DIRECTIONS: Show only those lines of the entries where the string "resistor" is found.

[Dataset items]
((
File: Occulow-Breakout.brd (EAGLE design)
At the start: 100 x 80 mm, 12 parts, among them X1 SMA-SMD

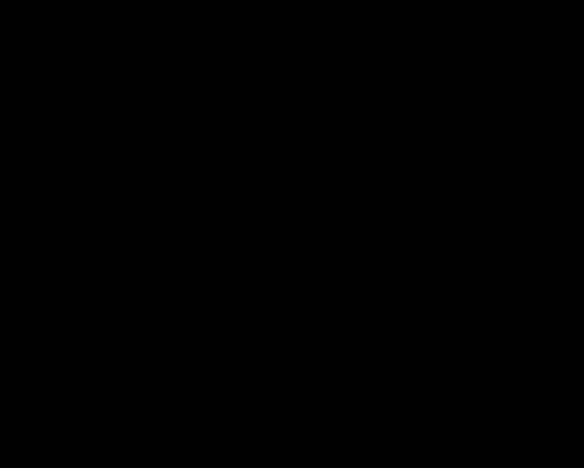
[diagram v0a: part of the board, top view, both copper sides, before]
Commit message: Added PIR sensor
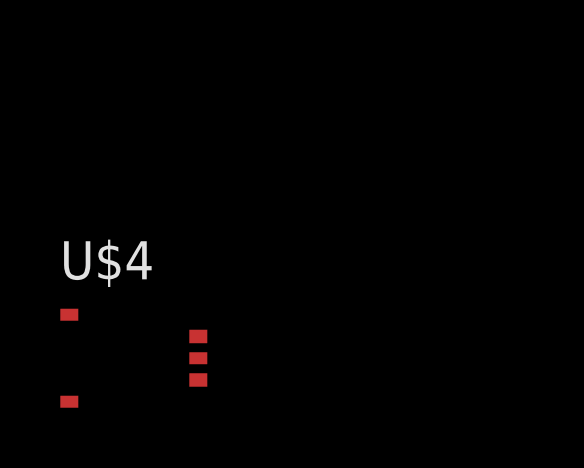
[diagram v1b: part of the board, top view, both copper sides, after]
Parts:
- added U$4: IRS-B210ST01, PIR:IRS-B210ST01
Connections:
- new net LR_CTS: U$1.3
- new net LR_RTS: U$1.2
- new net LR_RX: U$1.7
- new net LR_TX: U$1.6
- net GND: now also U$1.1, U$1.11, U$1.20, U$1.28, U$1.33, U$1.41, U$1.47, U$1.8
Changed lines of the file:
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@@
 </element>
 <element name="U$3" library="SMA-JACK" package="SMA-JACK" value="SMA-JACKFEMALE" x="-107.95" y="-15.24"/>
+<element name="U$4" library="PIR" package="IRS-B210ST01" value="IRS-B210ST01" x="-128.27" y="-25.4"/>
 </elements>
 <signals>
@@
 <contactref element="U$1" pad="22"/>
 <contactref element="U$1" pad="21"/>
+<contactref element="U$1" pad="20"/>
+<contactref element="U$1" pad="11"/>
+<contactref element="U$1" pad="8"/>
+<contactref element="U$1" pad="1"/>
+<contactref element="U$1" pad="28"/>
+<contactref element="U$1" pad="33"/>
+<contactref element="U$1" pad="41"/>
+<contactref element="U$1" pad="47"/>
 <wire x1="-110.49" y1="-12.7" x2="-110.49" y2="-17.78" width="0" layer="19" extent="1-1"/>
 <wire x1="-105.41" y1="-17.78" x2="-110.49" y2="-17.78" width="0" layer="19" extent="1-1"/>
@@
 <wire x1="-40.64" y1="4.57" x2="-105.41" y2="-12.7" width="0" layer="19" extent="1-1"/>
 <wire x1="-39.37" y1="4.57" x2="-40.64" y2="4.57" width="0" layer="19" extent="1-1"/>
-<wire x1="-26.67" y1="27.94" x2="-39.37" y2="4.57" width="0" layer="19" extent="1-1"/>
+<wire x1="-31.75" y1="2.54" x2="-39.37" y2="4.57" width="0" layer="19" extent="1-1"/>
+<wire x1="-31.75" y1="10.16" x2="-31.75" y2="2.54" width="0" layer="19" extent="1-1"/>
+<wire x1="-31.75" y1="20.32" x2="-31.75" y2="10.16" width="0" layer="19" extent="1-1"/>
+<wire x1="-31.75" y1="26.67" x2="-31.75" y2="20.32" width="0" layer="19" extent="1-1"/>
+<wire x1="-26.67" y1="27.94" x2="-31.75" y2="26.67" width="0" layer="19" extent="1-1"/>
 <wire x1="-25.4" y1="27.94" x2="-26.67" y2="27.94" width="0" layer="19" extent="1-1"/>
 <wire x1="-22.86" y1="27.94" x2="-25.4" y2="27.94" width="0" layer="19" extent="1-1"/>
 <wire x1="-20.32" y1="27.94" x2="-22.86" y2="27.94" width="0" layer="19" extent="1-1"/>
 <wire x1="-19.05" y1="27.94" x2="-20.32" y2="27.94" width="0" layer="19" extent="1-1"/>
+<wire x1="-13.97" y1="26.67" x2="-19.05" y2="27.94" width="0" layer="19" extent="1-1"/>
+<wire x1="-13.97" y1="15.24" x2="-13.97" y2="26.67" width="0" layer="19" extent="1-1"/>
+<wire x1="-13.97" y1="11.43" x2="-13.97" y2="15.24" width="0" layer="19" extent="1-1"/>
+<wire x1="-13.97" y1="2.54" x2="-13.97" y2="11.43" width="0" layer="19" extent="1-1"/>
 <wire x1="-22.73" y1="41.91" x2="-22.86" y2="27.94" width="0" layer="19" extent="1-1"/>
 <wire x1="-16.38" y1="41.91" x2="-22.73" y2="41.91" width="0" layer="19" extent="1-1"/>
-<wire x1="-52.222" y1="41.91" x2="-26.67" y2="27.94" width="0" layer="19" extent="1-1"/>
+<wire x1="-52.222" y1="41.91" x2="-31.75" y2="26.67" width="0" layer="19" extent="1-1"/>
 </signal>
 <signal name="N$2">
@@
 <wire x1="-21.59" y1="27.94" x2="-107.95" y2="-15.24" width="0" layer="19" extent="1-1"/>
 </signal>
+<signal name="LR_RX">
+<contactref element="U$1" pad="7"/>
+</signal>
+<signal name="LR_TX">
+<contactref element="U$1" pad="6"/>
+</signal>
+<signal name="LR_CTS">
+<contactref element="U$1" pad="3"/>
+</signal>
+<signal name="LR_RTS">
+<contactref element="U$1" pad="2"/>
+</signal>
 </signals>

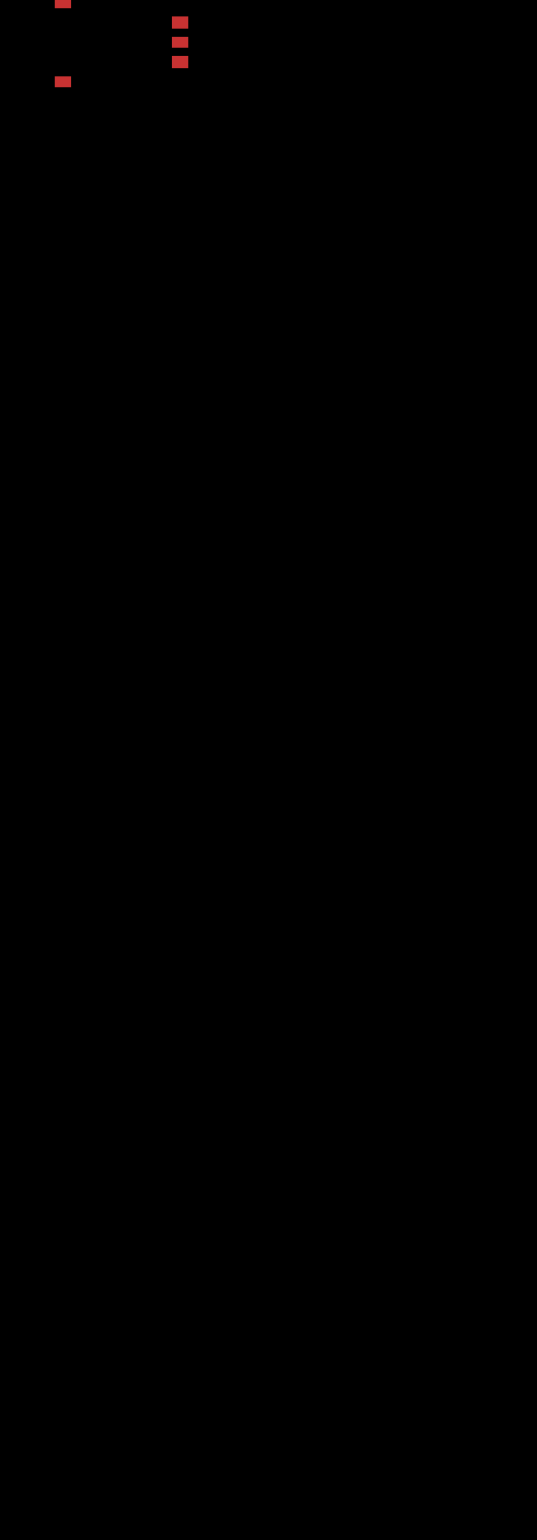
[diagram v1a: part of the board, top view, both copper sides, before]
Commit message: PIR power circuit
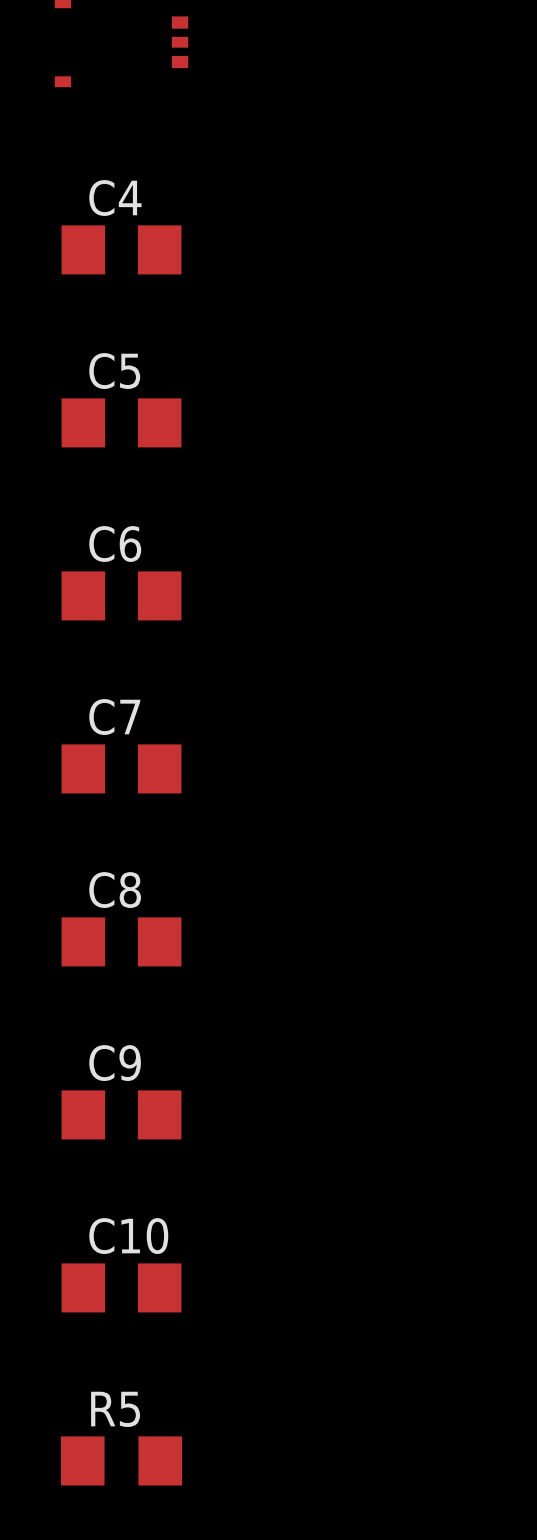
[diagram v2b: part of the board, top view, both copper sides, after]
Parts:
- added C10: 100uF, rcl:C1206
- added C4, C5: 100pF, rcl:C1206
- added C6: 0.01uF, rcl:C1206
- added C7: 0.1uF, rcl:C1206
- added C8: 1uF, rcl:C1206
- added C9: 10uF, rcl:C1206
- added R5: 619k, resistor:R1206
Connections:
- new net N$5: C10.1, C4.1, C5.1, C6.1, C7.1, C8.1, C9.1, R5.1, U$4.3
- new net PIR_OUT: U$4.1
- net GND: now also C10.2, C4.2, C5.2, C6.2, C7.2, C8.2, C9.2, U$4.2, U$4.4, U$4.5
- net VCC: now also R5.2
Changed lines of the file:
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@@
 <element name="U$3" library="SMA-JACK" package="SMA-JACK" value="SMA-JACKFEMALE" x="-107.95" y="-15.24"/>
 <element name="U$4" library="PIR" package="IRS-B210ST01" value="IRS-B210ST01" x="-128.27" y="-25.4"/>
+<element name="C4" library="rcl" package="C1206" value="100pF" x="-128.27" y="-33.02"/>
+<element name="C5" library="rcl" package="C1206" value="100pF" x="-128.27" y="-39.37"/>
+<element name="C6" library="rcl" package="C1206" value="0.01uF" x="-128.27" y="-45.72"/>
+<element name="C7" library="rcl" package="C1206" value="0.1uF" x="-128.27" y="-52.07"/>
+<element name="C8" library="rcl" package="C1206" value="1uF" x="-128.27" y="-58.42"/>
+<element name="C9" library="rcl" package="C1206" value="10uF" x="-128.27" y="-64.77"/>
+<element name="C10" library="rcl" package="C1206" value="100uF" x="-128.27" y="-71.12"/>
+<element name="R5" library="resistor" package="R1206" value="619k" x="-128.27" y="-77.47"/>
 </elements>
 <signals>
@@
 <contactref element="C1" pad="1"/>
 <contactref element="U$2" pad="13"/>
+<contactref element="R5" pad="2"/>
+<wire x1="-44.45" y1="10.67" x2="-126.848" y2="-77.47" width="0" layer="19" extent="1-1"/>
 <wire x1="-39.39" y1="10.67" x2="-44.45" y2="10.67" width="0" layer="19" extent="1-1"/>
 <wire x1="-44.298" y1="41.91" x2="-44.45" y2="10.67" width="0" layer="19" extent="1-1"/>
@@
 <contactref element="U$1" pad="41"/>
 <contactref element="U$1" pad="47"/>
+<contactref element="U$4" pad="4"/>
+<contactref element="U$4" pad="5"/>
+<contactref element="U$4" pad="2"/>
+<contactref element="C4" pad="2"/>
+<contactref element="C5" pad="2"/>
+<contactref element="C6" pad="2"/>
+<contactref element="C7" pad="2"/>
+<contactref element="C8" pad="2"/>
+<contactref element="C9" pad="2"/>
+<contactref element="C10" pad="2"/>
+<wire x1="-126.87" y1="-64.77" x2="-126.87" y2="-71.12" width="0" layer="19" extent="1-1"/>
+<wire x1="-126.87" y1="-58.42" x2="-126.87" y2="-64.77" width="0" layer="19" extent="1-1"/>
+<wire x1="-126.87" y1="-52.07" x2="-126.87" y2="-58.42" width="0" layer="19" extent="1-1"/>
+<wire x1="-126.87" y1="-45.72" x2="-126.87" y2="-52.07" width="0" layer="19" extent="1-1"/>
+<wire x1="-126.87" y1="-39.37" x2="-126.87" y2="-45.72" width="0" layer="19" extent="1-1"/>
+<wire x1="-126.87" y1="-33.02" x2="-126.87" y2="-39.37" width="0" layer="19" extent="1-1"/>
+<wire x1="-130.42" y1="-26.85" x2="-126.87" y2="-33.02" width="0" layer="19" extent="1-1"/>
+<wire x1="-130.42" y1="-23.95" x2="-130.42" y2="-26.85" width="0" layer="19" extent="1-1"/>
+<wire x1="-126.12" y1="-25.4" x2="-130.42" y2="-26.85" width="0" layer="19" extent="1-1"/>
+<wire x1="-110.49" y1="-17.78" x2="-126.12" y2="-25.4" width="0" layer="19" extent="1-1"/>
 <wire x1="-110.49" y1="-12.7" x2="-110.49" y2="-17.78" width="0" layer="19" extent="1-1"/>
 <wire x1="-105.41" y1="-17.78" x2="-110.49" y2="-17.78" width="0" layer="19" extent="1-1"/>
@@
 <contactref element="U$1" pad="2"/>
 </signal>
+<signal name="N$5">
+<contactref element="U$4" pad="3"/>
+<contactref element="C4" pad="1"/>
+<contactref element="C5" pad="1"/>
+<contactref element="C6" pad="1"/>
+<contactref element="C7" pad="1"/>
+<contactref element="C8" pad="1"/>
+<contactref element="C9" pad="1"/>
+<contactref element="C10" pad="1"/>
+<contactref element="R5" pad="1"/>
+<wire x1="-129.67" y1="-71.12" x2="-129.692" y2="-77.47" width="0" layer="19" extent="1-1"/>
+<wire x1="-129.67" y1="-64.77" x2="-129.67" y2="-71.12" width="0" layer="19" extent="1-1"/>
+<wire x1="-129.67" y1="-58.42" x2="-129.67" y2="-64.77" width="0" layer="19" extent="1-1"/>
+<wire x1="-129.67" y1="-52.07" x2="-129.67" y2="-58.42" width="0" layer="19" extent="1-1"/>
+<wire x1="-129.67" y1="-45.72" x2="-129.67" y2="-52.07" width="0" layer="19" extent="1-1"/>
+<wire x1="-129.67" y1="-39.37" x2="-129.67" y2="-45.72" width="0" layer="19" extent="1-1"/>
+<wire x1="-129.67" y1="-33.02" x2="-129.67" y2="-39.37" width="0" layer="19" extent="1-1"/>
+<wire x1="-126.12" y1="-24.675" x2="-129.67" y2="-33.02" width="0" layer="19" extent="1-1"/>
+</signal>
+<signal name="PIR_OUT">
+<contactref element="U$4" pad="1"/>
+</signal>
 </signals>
))
RESPONSE FOR THIS EXERCISE:
- added R5: 619k, resistor:R1206
+<element name="R5" library="resistor" package="R1206" value="619k" x="-128.27" y="-77.47"/>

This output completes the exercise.